[Records for processing — start]

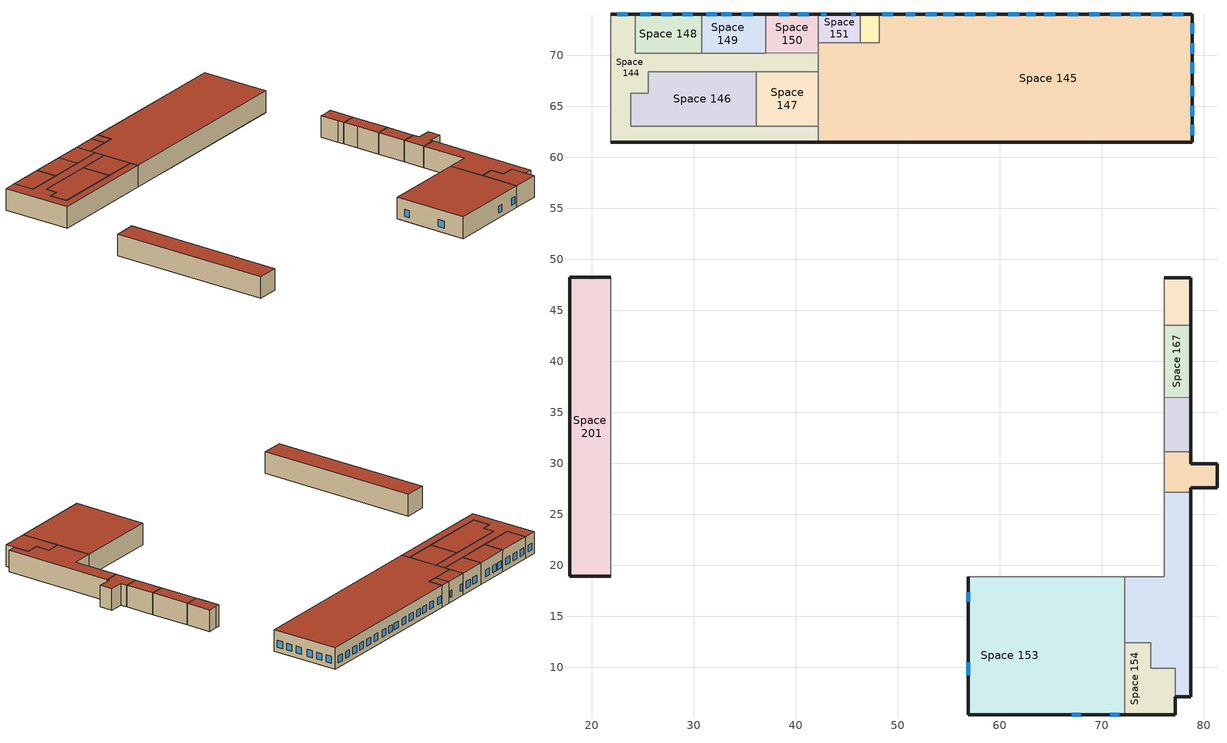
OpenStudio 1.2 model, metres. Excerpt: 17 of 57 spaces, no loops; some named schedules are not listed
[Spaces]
Space 144
 floor ground: 42.21,70.23 42.21,70.18 35.89,70.18 35.89,70.22 z3.96
 floor to Space 138: 42.21,63.03 42.21,61.47 33.91,61.47 33.91,63.03 z3.96; 24.27,74 24.27,70.21 30.78,70.21 35.89,70.22 35.89,70.18 42.21,70.18 42.21,68.41 25.55,68.41 25.55,66.28 23.82,66.28 23.82,63.56 21.87,63.56 21.87,74 z3.96
 floor to Space 129: 23.82,63.56 23.82,63.03 33.91,63.03 33.91,61.47 21.87,61.47 21.87,63.56 z3.96
 wall outside: 21.87,61.47 42.21,61.47 / 24.27,74 21.87,74 z3.96:7.92
 wall to Space 150: 42.21,70.23 37.07,70.22 z3.96:7.92
 wall to Space 145: 42.21,68.41 42.21,70.23 / 42.21,61.47 42.21,63.03 z3.96:7.92
 wall to Space 147: 36.13,68.41 42.21,68.41 / 42.21,63.03 36.13,63.03 z3.96:7.92
 wall to Space 146: 36.13,63.03 23.82,63.03 23.82,66.28 25.55,66.28 25.55,68.41 36.13,68.41 z3.96:7.92
 wall to Space 128: 21.87,74 21.87,61.47 z3.96:7.92
 wall to Space 148: 30.78,70.21 24.27,70.21 24.27,74 z3.96:7.92
 wall to Space 149: 37.07,70.22 30.78,70.21 z3.96:7.92
 window: 23.55,74 22.5,74 z4.86:6.11
 roof outside: 42.21,61.47 42.21,63.03 23.82,63.03 23.82,66.28 25.55,66.28 25.55,68.41 42.21,68.41 42.21,70.23 30.78,70.21 24.27,70.21 24.27,74 21.87,74 21.87,61.47 z7.92
Space 145
 floor to Space 141: 48.22,74 48.22,70.18 42.21,70.18 42.21,71.25 48.2,71.25 48.2,74 z3.96
 floor to Space 138: 48.22,70.18 48.19,61.47 42.21,61.47 42.21,70.18 z3.96
 floor ground: 78.85,74 78.85,61.47 78.81,61.47 z3.96
 floor to Space 133: 78.85,74 78.81,61.47 50.66,61.47 50.66,74 z3.96
 floor to Space 139: 50.66,74 50.66,61.47 48.19,61.47 48.22,70.18 48.22,74 z3.96
 wall outside: 42.21,61.47 78.85,61.47 78.85,74 48.2,74 z3.96:7.92
 wall to Space 147: 42.21,68.41 42.21,63.03 z3.96:7.92
 wall to Space 150: 42.21,71.25 42.21,70.23 z3.96:7.92
 wall to Space 151: 46.34,71.25 42.21,71.25 z3.96:7.92
 wall to Space 152: 48.2,74 48.2,71.25 46.34,71.25 z3.96:7.92
 window: 77.97,74 76.92,74 / 75.91,74 74.86,74 / 73.82,74 72.77,74 / 71.87,74 70.82,74 / 69.81,74 68.76,74 / 67.72,74 66.67,74 / 65.42,74 64.37,74 / 63.54,74 62.6,74 / 61.9,74 60.85,74 / 59.67,74 58.62,74 / 57.61,74 56.56,74 / 55.52,74 54.47,74 / 53.8,74 52.75,74 / 51.71,74 50.78,74 / 49.52,74 48.47,74 / 78.85,72.11 78.85,73.16 / 78.85,70.15 78.85,71.2 / 78.85,68.26 78.85,69.31 / 78.85,65.99 78.85,67.04 / 78.85,64.03 78.85,65.08 / 78.85,62.14 78.85,63.19 z4.86:6.11
 roof outside: 78.85,61.47 78.85,74 48.2,74 48.2,71.25 42.21,71.25 42.21,61.47 z7.92
Space 146
 floor to Space 129: 33.91,63.56 33.91,63.03 23.82,63.03 23.82,63.56 z3.96
 floor to Space 138: 36.13,68.41 36.13,63.03 33.91,63.03 33.91,63.56 23.82,63.56 23.82,66.28 25.55,66.28 25.55,68.41 z3.96
 wall to Space 147: 36.13,63.03 36.13,68.41 z3.96:7.92
 roof outside: 36.13,63.03 36.13,68.41 25.55,68.41 25.55,66.28 23.82,66.28 23.82,63.03 z7.92
Space 147
 floor to Space 138: 42.21,68.41 42.21,63.03 36.13,63.03 36.13,68.41 z3.96
 roof outside: 42.21,63.03 42.21,68.41 36.13,68.41 36.13,63.03 z7.92
Space 148
 floor to Space 138: 30.78,74 30.78,70.21 24.27,70.21 24.27,74 z3.96
 wall outside: 30.78,74 24.27,74 z3.96:7.92
 wall to Space 149: 30.78,70.21 30.78,74 z3.96:7.92
 window: 25.8,74 24.75,74 / 27.89,74 26.84,74 / 29.92,74 28.87,74 z4.86:6.11
 roof outside: 30.78,70.21 30.78,74 24.27,74 24.27,70.21 z7.92
Space 149
 floor to Space 138: 35.89,74 35.89,70.22 30.78,70.21 30.78,74 z3.96
 floor to Space 141: 37.07,74 37.07,70.22 35.89,70.22 35.89,74 z3.96
 wall outside: 37.07,74 30.78,74 z3.96:7.92
 wall to Space 150: 37.07,70.22 37.07,74 z3.96:7.92
 window: 32.26,74 31.21,74 / 33.73,74 32.68,74 / 35.78,74 34.73,74 z4.86:6.11
 roof outside: 30.78,70.21 37.07,70.22 37.07,74 30.78,74 z7.92
Space 150
 floor to Space 141: 42.21,74 42.21,70.23 37.07,70.22 37.07,74 z3.96
 wall outside: 42.21,74 37.07,74 z3.96:7.92
 wall to Space 151: 42.21,71.25 42.21,74 z3.96:7.92
 window: 39.4,74 38.35,74 / 41.27,74 40.22,74 z4.86:6.11
 roof outside: 37.07,70.22 42.21,70.23 42.21,74 37.07,74 z7.92
Space 151
 floor to Space 141: 46.34,74 46.34,71.25 42.21,71.25 42.21,74 z3.96
 wall outside: 46.34,74 42.21,74 z3.96:7.92
 wall to Space 152: 46.34,71.25 46.34,74 z3.96:7.92
 window: 45.9,74 45.45,74 / 42.97,74 42.52,74 z4.86:6.11
 roof outside: 46.34,71.25 46.34,74 42.21,74 42.21,71.25 z7.92
Space 152
 floor to Space 141: 48.2,74 48.2,71.25 46.34,71.25 46.34,74 z3.96
 wall outside: 48.2,74 46.34,74 z3.96:7.92
 roof outside: 48.2,71.25 48.2,74 46.34,74 46.34,71.25 z7.92
Space 153
 floor to Space 103: 65.05,16.94 65.05,5.37 56.89,5.37 56.89,16.94 z3.96
 floor to Space 108: 72.25,18.9 72.25,16.94 56.89,16.94 56.89,18.9 z3.96
 floor to Space 104: 72.25,16.94 72.25,5.37 65.05,5.37 65.05,16.94 z3.96
 wall outside: 56.89,18.9 56.89,5.37 72.25,5.37 z3.96:7.92
 wall to Space 111: 72.25,18.9 56.89,18.9 z3.96:7.92
 wall to Space 168: 72.25,12.41 72.25,18.9 z3.96:7.92
 wall to Space 154: 72.25,5.37 72.25,12.41 z3.96:7.92
 window: 70.84,5.37 71.73,5.37 / 67.05,5.37 67.94,5.37 / 56.89,10.52 56.89,9.23 / 56.89,17.34 56.89,16.42 z4.86:6.11
 roof outside: 72.25,5.37 72.25,18.9 56.89,18.9 56.89,5.37 z7.92
Space 154
 floor to Space 104: 74.39,12.41 74.39,5.37 72.25,5.37 72.25,12.41 z3.96
 floor to Space 108: 74.8,12.41 74.8,9.91 77.21,9.91 77.21,8.88 74.39,8.88 74.39,12.41 z3.96
 floor to Space 105: 77.21,8.88 77.21,5.37 74.39,5.37 74.39,8.88 z3.96
 wall outside: 72.25,5.37 77.21,5.37 77.21,7.11 z3.96:7.92
 wall to Space 168: 77.21,7.11 77.21,9.91 74.8,9.91 74.8,12.41 72.25,12.41 z3.96:7.92
 roof outside: 77.21,5.37 77.21,9.91 74.8,9.91 74.8,12.41 72.25,12.41 72.25,5.37 z7.92
Space 164
 floor to Space 114: 78.73,31.16 78.73,29.95 81.3,29.95 81.3,27.59 78.73,27.59 78.73,27.18 76.15,27.18 76.15,31.16 z3.96
 wall outside: 78.73,27.18 78.73,27.59 81.3,27.59 81.3,29.95 78.73,29.95 78.73,31.16 z3.96:7.92
 wall to Space 165: 78.73,31.16 76.15,31.16 z3.96:7.92
 wall to Space 111: 76.15,31.16 76.15,27.18 z3.96:7.92
 wall to Space 168: 76.15,27.18 77.44,27.18 78.73,27.18 z3.96:7.92
 roof outside: 78.73,27.18 78.73,27.59 81.3,27.59 81.3,29.95 78.73,29.95 78.73,31.16 76.15,31.16 76.15,27.18 z7.92
Space 165
 floor to Space 115: 78.73,36.47 78.73,31.16 76.15,31.16 76.15,36.44 z3.96
 wall outside: 78.73,31.16 78.73,36.47 z3.96:7.92
 wall to Space 167: 78.73,36.47 76.15,36.44 z3.96:7.92
 wall to Space 111: 76.15,36.44 76.15,31.16 z3.96:7.92
 roof outside: 78.73,31.16 78.73,36.47 76.15,36.44 76.15,31.16 z7.92
Space 166
 floor to Space 119: 78.73,48.18 78.73,43.56 76.15,43.56 76.15,48.18 76.95,48.18 z3.96
 wall outside: 78.73,43.56 78.73,48.18 76.95,48.18 76.15,48.18 z3.96:7.92
 wall to Space 116: 76.15,48.18 76.15,44.78 z3.96:7.92
 wall to Space 118: 76.15,44.78 76.15,43.56 z3.96:7.92
 wall to Space 167: 76.15,43.56 78.73,43.56 z3.96:7.92
 roof outside: 78.73,43.56 78.73,48.18 76.95,48.18 76.15,48.18 76.15,43.56 z7.92
Space 167
 floor to Space 117: 78.73,43.56 78.73,36.47 76.15,36.44 76.15,43.56 z3.96
 wall outside: 78.73,36.47 78.73,43.56 z3.96:7.92
 wall to Space 118: 76.15,43.56 76.15,40.8 z3.96:7.92
 wall to Space 116: 76.15,40.8 76.15,36.44 z3.96:7.92
 roof outside: 76.15,36.44 78.73,36.47 78.73,43.56 76.15,43.56 z7.92
Space 168
 floor to Space 112: 77.44,27.18 77.44,23.15 76.15,23.15 76.15,27.18 z3.96
 floor to Space 108: 77.21,18.91 77.21,9.91 74.8,9.91 74.8,12.41 74.39,12.41 74.39,16.94 72.25,16.94 72.25,18.9 76.15,18.9 76.15,18.91 z3.96
 floor to Space 104: 74.39,16.94 74.39,12.41 72.25,12.41 72.25,16.94 z3.96
 floor to Space 106: 78.73,27.18 78.73,7.11 77.21,7.11 77.21,18.91 76.15,18.91 76.15,23.15 77.44,23.15 77.44,27.18 z3.96
 wall outside: 77.21,7.11 78.73,7.11 78.73,27.18 z3.96:7.92
 wall to Space 111: 76.15,18.9 72.25,18.9 / 76.15,27.18 76.15,18.91 z3.96:7.92
 roof outside: 78.73,7.11 78.73,27.18 76.15,27.18 76.15,18.9 72.25,18.9 72.25,12.41 74.8,12.41 74.8,9.91 77.21,9.91 77.21,7.11 z7.92
Space 201
 floor to Space 169: 21.84,48.23 21.84,18.91 17.82,18.91 17.82,48.23 z3.96
 wall outside: 21.84,48.23 17.82,48.23 17.82,18.91 21.84,18.91 z3.96:7.92
 wall to Space 111: 21.84,18.91 21.84,48.23 z3.96:7.92
 roof outside: 21.84,18.91 21.84,48.23 17.82,48.23 17.82,18.91 z7.92
[Site]
Site 1: Latitude {deg}=44.12; Longitude {deg}=-77.53; Time Zone {hr}=-5; Elevation {m}=86
[SizingPeriod:DesignDay] Barometric Pressure {Pa}=100296; Sky Clearness=0; Rain Indicator=0; Snow Indicator=0; Day of Month=21; Daylight Saving Time Indicator=0; Dry-Bulb Temperature Range Modifier Type=DefaultMultipliers
Name | Maximum Dry-Bulb Temperature {C} | Daily Dry-Bulb Temperature Range {deltaC} | Humidity Indicating Conditions at Maximum Dry-Bulb {BasedOnField A3} | Wind Speed {m/s} | Wind Direction {deg} | Month | Day Type | Humidity Indicating Type | Solar Model Indicator | ASHRAE Taub | ASHRAE Taud
Trenton Ann Htg Wind 99.6% Condns WS=>MCDB | -3.4 | 0 | -3.4 | 13.4 | 50 | 1 | WinterDesignDay | Wetbulb | ASHRAEClearSky
Trenton Ann Clg .4% Condns Enth=>MDB | 27.5 | 9.9 | 70700 | 5.1 | 220 | 7 | SummerDesignDay | Enthalpy | ASHRAETau | 0.459 | 2.014
Trenton Ann Hum_n 99.6% Condns DP=>MCDB | -21 | 0 | -27.1 | 2.9 | 50 | 1 | WinterDesignDay | Dewpoint | ASHRAEClearSky
Trenton Ann Htg 99.6% Condns DB | -21.8 | 0 | -21.8 | 2.9 | 50 | 1 | WinterDesignDay | Wetbulb | ASHRAEClearSky
[Building]
Building 58 - Archetype 5A: North Axis {deg}=-5; Default Construction Set=V2Baseline-MNECB_ASHRAE90.1_ClimateZone6_ConstSet 1
[Material]
Name | Roughness | Thickness | Conductivity | Density | Specific Heat | Thermal Absorptance | Solar Absorptance | Visible Absorptance
MAT-CC05 4 HW CONCRETE | Rough | 0.1016 | 1.311 | 2240 | 836.8 | 0.9 | 0.7 | 0.7
MNECB Ref Polystyrene 25mm | MediumRough | 0.02487 | 0.02885 | 28.832 | 1213.897
MNECB Ref concrete 100mm | MediumRough | 0.1016 | 1.80282 | 2242.512 | 837.17
MNECB Ref Gravel 50mm | VeryRough | 0.0508 | 1.80282 | 1601.794 | 837.17 | 0.9 | 0.7 | 0.7
MNECB Built-up Roof 9.5mm | VeryRough | 0.110097 | 0.1634 | 1121.29 | 1465.048 | 0.9 | 0.7 | 0.7
MNECB Ref Metal | Smooth | 0.0015 | 62.7066 | 7832.773 | 502.302 | 0.9 | 0.2 | 0.2
000_G05 25mm wood | MediumSmooth | 0.0254 | 0.15 | 608 | 1630
000_F08 Metal surface | Smooth | 0.0008 | 45.28 | 7824 | 500
000_G05 12mm wood | MediumSmooth | 0.012 | 0.15 | 608 | 1630
Wall Insulation - RSI0.88 | MediumRough | 0.0396 | 0.045 | 265 | 836.8 | 0.9 | 0.7 | 0.7
000_G01a 19mm gypsum board | MediumSmooth | 0.019 | 0.16 | 800 | 1090
000_F16 Acoustic tile | MediumSmooth | 0.0191 | 0.06 | 368 | 590
000_M11 100mm lightweight concrete | MediumRough | 0.1016 | 0.53 | 1280 | 840
000_I01 25mm insulation board | MediumRough | 0.0254 | 0.03 | 43 | 1210
Wall Insulation - RSI2.11 | MediumRough | 0.09495 | 0.045 | 265 | 836.8 | 0.9 | 0.7 | 0.7
MNECB Built-up Roof 9.5mm 2 | VeryRough | 0.0095 | 0.1634 | 1121.29 | 1465.048 | 0.9 | 0.7 | 0.7
Roof Insulation RSI1.76 | MediumRough | 0.08624 | 0.049 | 265 | 836.8 | 0.9 | 0.7 | 0.7
50mm lightweight concrete | MediumRough | 0.05 | 0.53 | 1280 | 840
[Material:NoMass]
CP02 CARPET PAD: Roughness=VeryRough; Thermal Resistance=0.2165; Thermal Absorptance=0.9; Solar Absorptance=0.7; Visible Absorptance=0.8
[Construction]
MNECB Ref Underground Floor 6.136: MNECB Ref Polystyrene 25mm, MNECB Ref concrete 100mm
MNECB_ExtWindow: MNECB Ref Simple Glazing System
000_Interior Partition; 000_Interior Door: 000_G05 25mm wood
000_ExtSlabCarpet_4in_ClimateZone 1-8: MAT-CC05 4 HW CONCRETE, CP02 CARPET PAD
V4-BWall2: 000_F08 Metal surface, 000_G05 12mm wood, Wall Insulation - RSI0.88, 000_G01a 19mm gypsum board
V4-BRoof1- RSI0.7: MNECB Ref Gravel 50mm, MNECB Built-up Roof 9.5mm, MNECB Ref Metal
000_Interior Floor: 000_F16 Acoustic tile, 000_F05 Ceiling air space resistance, 000_M11 100mm lightweight concrete
000_Interior Wall: 000_G01a 19mm gypsum board, 000_F04 Wall air space resistance, 000_G01a 19mm gypsum board
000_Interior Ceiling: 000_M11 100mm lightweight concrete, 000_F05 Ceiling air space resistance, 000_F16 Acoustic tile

[Records for processing — finish]

▸ **Work to be completed**
Of all the entries above, repeat only the lines from the line that has "wall to Space 147: 36.13,68.41" to the line that has "wall to Space 149: 37.07,70.22", both lines included, exactly.

▸ **Written answer**
 wall to Space 147: 36.13,68.41 42.21,68.41 / 42.21,63.03 36.13,63.03 z3.96:7.92
 wall to Space 146: 36.13,63.03 23.82,63.03 23.82,66.28 25.55,66.28 25.55,68.41 36.13,68.41 z3.96:7.92
 wall to Space 128: 21.87,74 21.87,61.47 z3.96:7.92
 wall to Space 148: 30.78,70.21 24.27,70.21 24.27,74 z3.96:7.92
 wall to Space 149: 37.07,70.22 30.78,70.21 z3.96:7.92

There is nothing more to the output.